David attends a séance, where he exposes the medium's tricks, revealing her hidden accomplices. He is then shocked to hear her call out his name in a voice that sounds like Juliet's.

As a professor at the (fictitious) University of Camberley he receives a series of urgent entreaties from a Miss Webb, who claims she is being tormented by ghosts, to come and help her. The name of the house is Edbrook.

David travels to Sussex and is picked up at the railway station by Christina Mariell. Christina reveals Miss Webb is in fact their Nanny Tess, and that she wrote to David at the urging of Christina and her two brothers, Robert and Simon. The siblings are concerned for their nanny's mental health and think her belief in ghosts is due to her senility. Christina drives David to the palatial Edbrook House, where he meets her brothers and the withdrawn Nanny Tess.

David begins to perform forensic examinations of the house, trying to detect evidence of paranormal activity. Complicating the investigation is Christina's continuous flirtation with David, and his own infatuation with her. However, older brother Robert is against their friendship, and the two have a suspiciously close relationship. David begins having paranormal experiences. Christina, who had originally told David both her parents died in India, admits that in fact her mother drowned herself in the lake and Nanny Tess was the one who discovered the body. David believes that this trauma is causing Nanny Tess to see the ghost of Mrs. Mariell.

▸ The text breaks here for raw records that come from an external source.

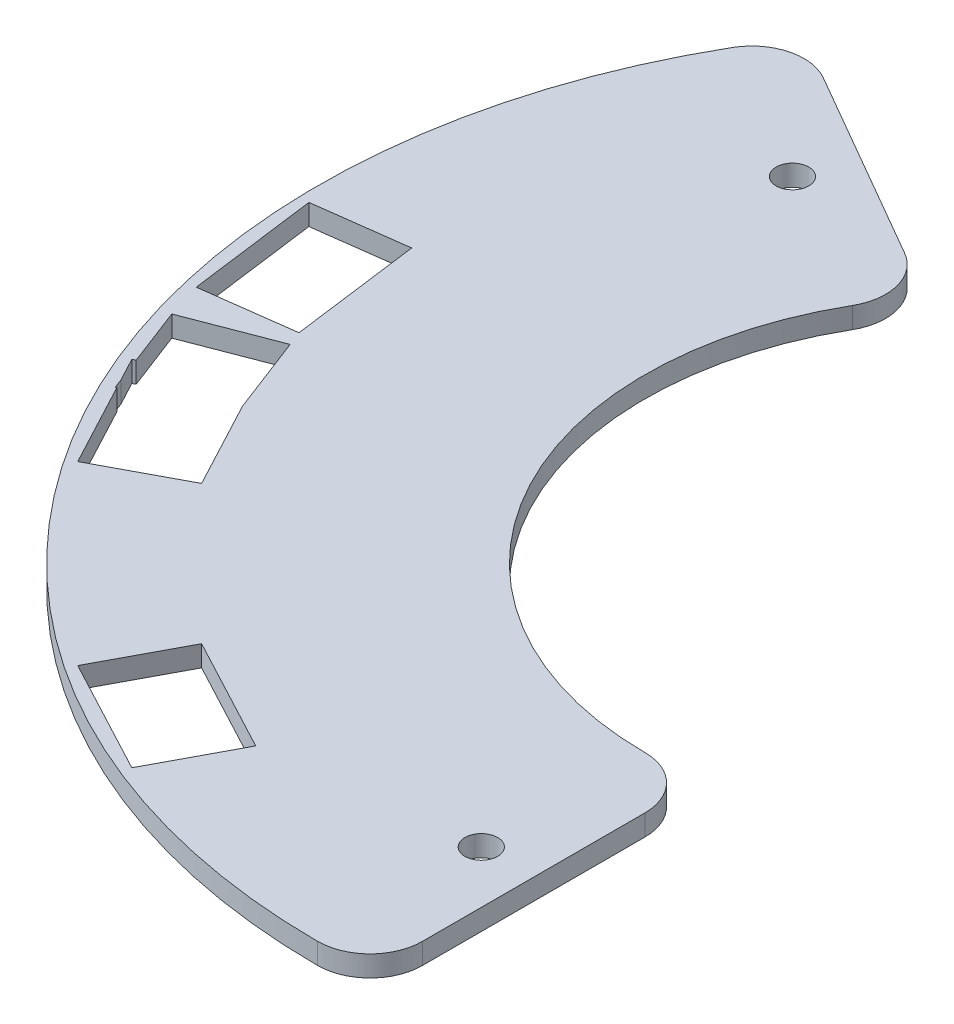
ISO-10303-21;
HEADER;
FILE_DESCRIPTION(('STEP AP214'),'2;1');
FILE_NAME('part.step','',(''),(''),'','','');
FILE_SCHEMA(('AUTOMOTIVE_DESIGN { 1 0 10303 214 1 1 1 1 }'));
ENDSEC;
DATA;
#1=APPLICATION_CONTEXT('core data for automotive mechanical design processes');
#2=APPLICATION_PROTOCOL_DEFINITION('international standard','automotive_design',2000,#1);
#3=PRODUCT_CONTEXT('',#1,'mechanical');
#4=PRODUCT('Part','Part','',(#3));
#5=PRODUCT_RELATED_PRODUCT_CATEGORY('part','',(#4));
#6=PRODUCT_DEFINITION_FORMATION('','',#4);
#7=PRODUCT_DEFINITION_CONTEXT('part definition',#1,'design');
#8=PRODUCT_DEFINITION('design','',#6,#7);
#9=PRODUCT_DEFINITION_SHAPE('','',#8);
#10=(LENGTH_UNIT() NAMED_UNIT(*) SI_UNIT(.MILLI.,.METRE.));
#11=(NAMED_UNIT(*) PLANE_ANGLE_UNIT() SI_UNIT($,.RADIAN.));
#12=(NAMED_UNIT(*) SI_UNIT($,.STERADIAN.) SOLID_ANGLE_UNIT());
#13=UNCERTAINTY_MEASURE_WITH_UNIT(LENGTH_MEASURE(1.E-05),#10,'distance_accuracy_value','');
#14=(GEOMETRIC_REPRESENTATION_CONTEXT(3) GLOBAL_UNCERTAINTY_ASSIGNED_CONTEXT((#13)) GLOBAL_UNIT_ASSIGNED_CONTEXT((#10,
#11,#12)) REPRESENTATION_CONTEXT('',''));
#15=CARTESIAN_POINT('',(0.,0.,0.));
#16=DIRECTION('',(0.,0.,1.));
#17=DIRECTION('',(1.,0.,0.));
#18=AXIS2_PLACEMENT_3D('',#15,#16,#17);
#19=CARTESIAN_POINT('',(0.,0.8,0.));
#20=DIRECTION('',(0.,1.,0.));
#21=DIRECTION('',(0.,0.,1.));
#22=AXIS2_PLACEMENT_3D('',#19,#20,#21);
#23=PLANE('',#22);
#24=DIRECTION('',(-0.991444861373811,0.,0.130526192220048));
#25=VECTOR('',#24,1.);
#26=CARTESIAN_POINT('',(-42.2933151388003,0.8,0.524875766372985));
#27=LINE('',#26,#25);
#28=CARTESIAN_POINT('',(-42.2933151388003,0.8,0.524875766372985));
#29=VERTEX_POINT('',#28);
#30=CARTESIAN_POINT('',(-49.233429168417,0.8,1.43855911191332));
#31=VERTEX_POINT('',#30);
#32=EDGE_CURVE('E288',#29,#31,#27,.T.);
#33=ORIENTED_EDGE('',*,*,#32,.F.);
#34=DIRECTION('',(0.130526192220048,0.,0.991444861373811));
#35=VECTOR('',#34,1.);
#36=CARTESIAN_POINT('',(-42.2933151388003,0.8,0.524875766372985));
#37=LINE('',#36,#35);
#38=CARTESIAN_POINT('',(-40.9880532165998,0.8,10.4393243801111));
#39=VERTEX_POINT('',#38);
#40=EDGE_CURVE('E292',#29,#39,#37,.T.);
#41=ORIENTED_EDGE('',*,*,#40,.T.);
#42=DIRECTION('',(-0.991444861373811,0.,0.130526192220048));
#43=VECTOR('',#42,1.);
#44=CARTESIAN_POINT('',(-40.9880532165998,0.8,10.4393243801111));
#45=LINE('',#44,#43);
#46=CARTESIAN_POINT('',(-47.9281672462165,0.8,11.3530077256514));
#47=VERTEX_POINT('',#46);
#48=EDGE_CURVE('E270',#39,#47,#45,.T.);
#49=ORIENTED_EDGE('',*,*,#48,.T.);
#50=DIRECTION('',(0.130526192220048,0.,0.991444861373811));
#51=VECTOR('',#50,1.);
#52=CARTESIAN_POINT('',(-49.233429168417,0.8,1.43855911191332));
#53=LINE('',#52,#51);
#54=EDGE_CURVE('E283',#31,#47,#53,.T.);
#55=ORIENTED_EDGE('',*,*,#54,.F.);
#56=EDGE_LOOP('',(#33,#41,#49,#55));
#57=FACE_BOUND('',#56,.T.);
#58=DIRECTION('',(-0.46947156278589,0.,0.882947592858927));
#59=VECTOR('',#58,1.);
#60=CARTESIAN_POINT('',(-24.1325436013021,0.8,34.7364410861455));
#61=LINE('',#60,#59);
#62=CARTESIAN_POINT('',(-24.1325436013021,0.8,34.7364410861455));
#63=VERTEX_POINT('',#62);
#64=CARTESIAN_POINT('',(-27.4188445408033,0.8,40.9170742361579));
#65=VERTEX_POINT('',#64);
#66=EDGE_CURVE('E360',#63,#65,#61,.T.);
#67=ORIENTED_EDGE('',*,*,#66,.F.);
#68=DIRECTION('',(0.882947592858928,0.,0.46947156278589));
#69=VECTOR('',#68,1.);
#70=CARTESIAN_POINT('',(-24.1325436013021,0.8,34.7364410861455));
#71=LINE('',#70,#69);
#72=CARTESIAN_POINT('',(-15.3030676727128,0.8,39.4311567140044));
#73=VERTEX_POINT('',#72);
#74=EDGE_CURVE('E348',#63,#73,#71,.T.);
#75=ORIENTED_EDGE('',*,*,#74,.T.);
#76=DIRECTION('',(-0.46947156278589,0.,0.882947592858927));
#77=VECTOR('',#76,1.);
#78=CARTESIAN_POINT('',(-15.3030676727128,0.8,39.4311567140044));
#79=LINE('',#78,#77);
#80=CARTESIAN_POINT('',(-18.589368612214,0.8,45.6117898640168));
#81=VERTEX_POINT('',#80);
#82=EDGE_CURVE('E352',#73,#81,#79,.T.);
#83=ORIENTED_EDGE('',*,*,#82,.T.);
#84=DIRECTION('',(0.882947592858927,0.,0.469471562785891));
#85=VECTOR('',#84,1.);
#86=CARTESIAN_POINT('',(-27.4188445408033,0.8,40.9170742361579));
#87=LINE('',#86,#85);
#88=EDGE_CURVE('E356',#65,#81,#87,.T.);
#89=ORIENTED_EDGE('',*,*,#88,.F.);
#90=EDGE_LOOP('',(#67,#75,#83,#89));
#91=FACE_BOUND('',#90,.T.);
#92=DIRECTION('',(-0.933580426497203,0.,0.358367949545297));
#93=VECTOR('',#92,1.);
#94=CARTESIAN_POINT('',(-40.5542577236774,0.8,11.550527281538));
#95=LINE('',#94,#93);
#96=CARTESIAN_POINT('',(-40.5542577236774,0.8,11.550527281538));
#97=VERTEX_POINT('',#96);
#98=CARTESIAN_POINT('',(-47.0893207091578,0.8,14.0591029283551));
#99=VERTEX_POINT('',#98);
#100=EDGE_CURVE('E388',#97,#99,#95,.T.);
#101=ORIENTED_EDGE('',*,*,#100,.F.);
#102=DIRECTION('',(0.358367949545297,0.,0.933580426497203));
#103=VECTOR('',#102,1.);
#104=CARTESIAN_POINT('',(-40.5542577236774,0.8,11.550527281538));
#105=LINE('',#104,#103);
#106=CARTESIAN_POINT('',(-38.2897915564523,0.8,17.4496633311451));
#107=VERTEX_POINT('',#106);
#108=EDGE_CURVE('E443',#97,#107,#105,.T.);
#109=ORIENTED_EDGE('',*,*,#108,.T.);
#110=DIRECTION('',(0.469471562785888,0.,0.882947592858928));
#111=VECTOR('',#110,1.);
#112=CARTESIAN_POINT('',(-39.4311567140044,0.8,15.3030676727127));
#113=LINE('',#112,#111);
#114=CARTESIAN_POINT('',(-34.7364410861455,0.8,24.132543601302));
#115=VERTEX_POINT('',#114);
#116=EDGE_CURVE('E403',#107,#115,#113,.T.);
#117=ORIENTED_EDGE('',*,*,#116,.T.);
#118=DIRECTION('',(-0.882947592858928,0.,0.469471562785888));
#119=VECTOR('',#118,1.);
#120=CARTESIAN_POINT('',(-34.7364410861455,0.8,24.132543601302));
#121=LINE('',#120,#119);
#122=CARTESIAN_POINT('',(-40.917074236158,0.8,27.4188445408032));
#123=VERTEX_POINT('',#122);
#124=EDGE_CURVE('E407',#115,#123,#121,.T.);
#125=ORIENTED_EDGE('',*,*,#124,.T.);
#126=DIRECTION('',(0.469471562785888,0.,0.882947592858928));
#127=VECTOR('',#126,1.);
#128=CARTESIAN_POINT('',(-45.6117898640169,0.8,18.5893686122139));
#129=LINE('',#128,#127);
#130=CARTESIAN_POINT('',(-44.3152416289966,0.8,21.0278211914148));
#131=VERTEX_POINT('',#130);
#132=EDGE_CURVE('E415',#131,#123,#129,.T.);
#133=ORIENTED_EDGE('',*,*,#132,.F.);
#134=DIRECTION('',(-0.933580426497203,0.,0.358367949545298));
#135=VECTOR('',#134,1.);
#136=CARTESIAN_POINT('',(-37.8664981020876,0.8,18.552380480267));
#137=LINE('',#136,#135);
#138=CARTESIAN_POINT('',(-44.401561087568,0.8,21.0609561270841));
#139=VERTEX_POINT('',#138);
#140=EDGE_CURVE('E447',#131,#139,#137,.T.);
#141=ORIENTED_EDGE('',*,*,#140,.T.);
#142=DIRECTION('',(0.358367949545297,0.,0.933580426497203));
#143=VECTOR('',#142,1.);
#144=CARTESIAN_POINT('',(-47.0893207091578,0.8,14.0591029283551));
#145=LINE('',#144,#143);
#146=CARTESIAN_POINT('',(-44.6714234825277,0.8,20.3579405530028));
#147=VERTEX_POINT('',#146);
#148=EDGE_CURVE('E454',#147,#139,#145,.T.);
#149=ORIENTED_EDGE('',*,*,#148,.F.);
#150=CARTESIAN_POINT('',(-45.6117898640169,0.8,18.5893686122139));
#151=VERTEX_POINT('',#150);
#152=EDGE_CURVE('E411',#151,#147,#129,.T.);
#153=ORIENTED_EDGE('',*,*,#152,.F.);
#154=DIRECTION('',(-0.882947592858928,0.,0.469471562785888));
#155=VECTOR('',#154,1.);
#156=CARTESIAN_POINT('',(-39.4311567140044,0.8,15.3030676727127));
#157=LINE('',#156,#155);
#158=CARTESIAN_POINT('',(-45.394636534842,0.8,18.4739061389749));
#159=VERTEX_POINT('',#158);
#160=EDGE_CURVE('E333',#159,#151,#157,.T.);
#161=ORIENTED_EDGE('',*,*,#160,.F.);
#162=EDGE_CURVE('E451',#99,#159,#145,.T.);
#163=ORIENTED_EDGE('',*,*,#162,.F.);
#164=EDGE_LOOP('',(#101,#109,#117,#125,#133,#141,#149,#153,#161,#163));
#165=FACE_BOUND('',#164,.T.);
#166=CARTESIAN_POINT('',(-32.4759526419164,0.8,-18.7500000000001));
#167=DIRECTION('',(0.,1.,0.));
#168=DIRECTION('',(0.,0.,1.));
#169=AXIS2_PLACEMENT_3D('',#166,#167,#168);
#170=CIRCLE('',#169,1.25);
#171=CARTESIAN_POINT('',(-32.4759526419164,0.8,-17.5000000000001));
#172=VERTEX_POINT('',#171);
#173=EDGE_CURVE('E466',#172,#172,#170,.T.);
#174=ORIENTED_EDGE('',*,*,#173,.F.);
#175=EDGE_LOOP('',(#174));
#176=FACE_BOUND('',#175,.T.);
#177=CARTESIAN_POINT('',(0.,0.8,0.));
#178=DIRECTION('',(0.,1.,0.));
#179=DIRECTION('',(0.,0.,1.));
#180=AXIS2_PLACEMENT_3D('',#177,#178,#179);
#181=CIRCLE('',#180,50.);
#182=CARTESIAN_POINT('',(-43.3012701892218,0.8,-25.0000000000002));
#183=VERTEX_POINT('',#182);
#184=CARTESIAN_POINT('',(0.,0.8,50.));
#185=VERTEX_POINT('',#184);
#186=EDGE_CURVE('E474',#183,#185,#181,.T.);
#187=ORIENTED_EDGE('',*,*,#186,.T.);
#188=CARTESIAN_POINT('',(0.,0.8,46.));
#189=DIRECTION('',(0.,1.,0.));
#190=DIRECTION('',(0.,0.,1.));
#191=AXIS2_PLACEMENT_3D('',#188,#189,#190);
#192=CIRCLE('',#191,4.);
#193=CARTESIAN_POINT('',(4.,0.8,46.));
#194=VERTEX_POINT('',#193);
#195=EDGE_CURVE('E536',#185,#194,#192,.T.);
#196=ORIENTED_EDGE('',*,*,#195,.T.);
#197=DIRECTION('',(0.,0.,-1.));
#198=VECTOR('',#197,1.);
#199=CARTESIAN_POINT('',(4.,0.8,24.6779253585061));
#200=LINE('',#199,#198);
#201=CARTESIAN_POINT('',(4.,0.8,29.));
#202=VERTEX_POINT('',#201);
#203=EDGE_CURVE('E478',#194,#202,#200,.T.);
#204=ORIENTED_EDGE('',*,*,#203,.T.);
#205=CARTESIAN_POINT('',(0.,0.8,29.));
#206=DIRECTION('',(0.,1.,0.));
#207=DIRECTION('',(0.,0.,1.));
#208=AXIS2_PLACEMENT_3D('',#205,#206,#207);
#209=CIRCLE('',#208,4.);
#210=CARTESIAN_POINT('',(0.,0.8,25.));
#211=VERTEX_POINT('',#210);
#212=EDGE_CURVE('E528',#202,#211,#209,.T.);
#213=ORIENTED_EDGE('',*,*,#212,.T.);
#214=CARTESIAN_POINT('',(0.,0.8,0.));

David then decides to leave Edbrook and asks Christina to come away with him. Although she refuses, they kiss and end up making love in her bed. In the morning, when David wakes, the wind is gusting through the house, which is now cloaked in black drapes and littered with fallen leaves. He searches for Christina but instead sees the ghost of Juliet, who leads David to a cemetery. Juliet calls his attention to a tombstone which states that Robert, Christina and Simon Mariell all died in a fire at Edbrook House in 1923.

A confused David seeks out Dr. Doyle, the family doctor, whom he had met earlier, only to be told by Juliet's ghost that Doyle also had died years ago. Despite Juliet's warning, David leaves with Christina, who has appeared in her car. On the drive home, he sees Juliet in the middle of the road and wrenches the wheel to avoid her. The car crashes into a tree and explodes, killing Christina. David escapes, returns to the house and confronts Nanny Tess. She confirms that the Mariell siblings are dead and that their ghosts will do anything to keep her and David from leaving. The reason Mrs. Mariell drowned herself was because she discovered drunken Simon and Robert having incestuous sex with Christina in their parents' bed. The siblings appear and force Nanny Tess to confess to their murder (she had locked them in a bedroom and then set fire to the house).

With David as the new victim of their torments, the siblings no longer need Nanny Tess. They kill her, and Christina asks David to die for them. He tries to escape but is blocked by the three siblings and Dr. Doyle. They set the mansion ablaze, but he escapes to the upstairs bedroom. While Robert, Simon and Christina cackle within the flames at his imminent death, Juliet appears and walks through the flames, takes David by the hand and rescues him. As they walk away from the mansion's ruins, Juliet absolves him of his guilt over her death and departs to the afterlife.

David returns home and is greeted by his assistant, Kate, as he steps off the train. Behind the unsuspecting couple, Christina moves out of the shadows and follows them through the fog as they leave the platform.

==Production==
Haunted was shot on location in Parham Park, West Sussex.

==Cast==

- Aidan Quinn as Professor David Ash
- Peter England as Young David Ash
- Kate Beckinsale as Christina Mariell
- Anthony Andrews as Robert Mariell
- John Gielgud as Dr. Doyle
- Anna Massey as Nanny Tess Webb
- Alex Lowe as Simon Mariell
- Victoria Shalet as Young Juliet Ash
- Geraldine Somerville as Kate McCarrick
- Linda Bassett as Madam Brontski
- Liz Smith as Old Gypsy Woman
- Alice Douglas as Clare
- Edmund Moriarty as Liam
- Emily Hamilton as Mary
- Tom Lipscombe as School Boy

==Reception==
The film received an 80% fresh rating from five critics on Rotten Tomatoes.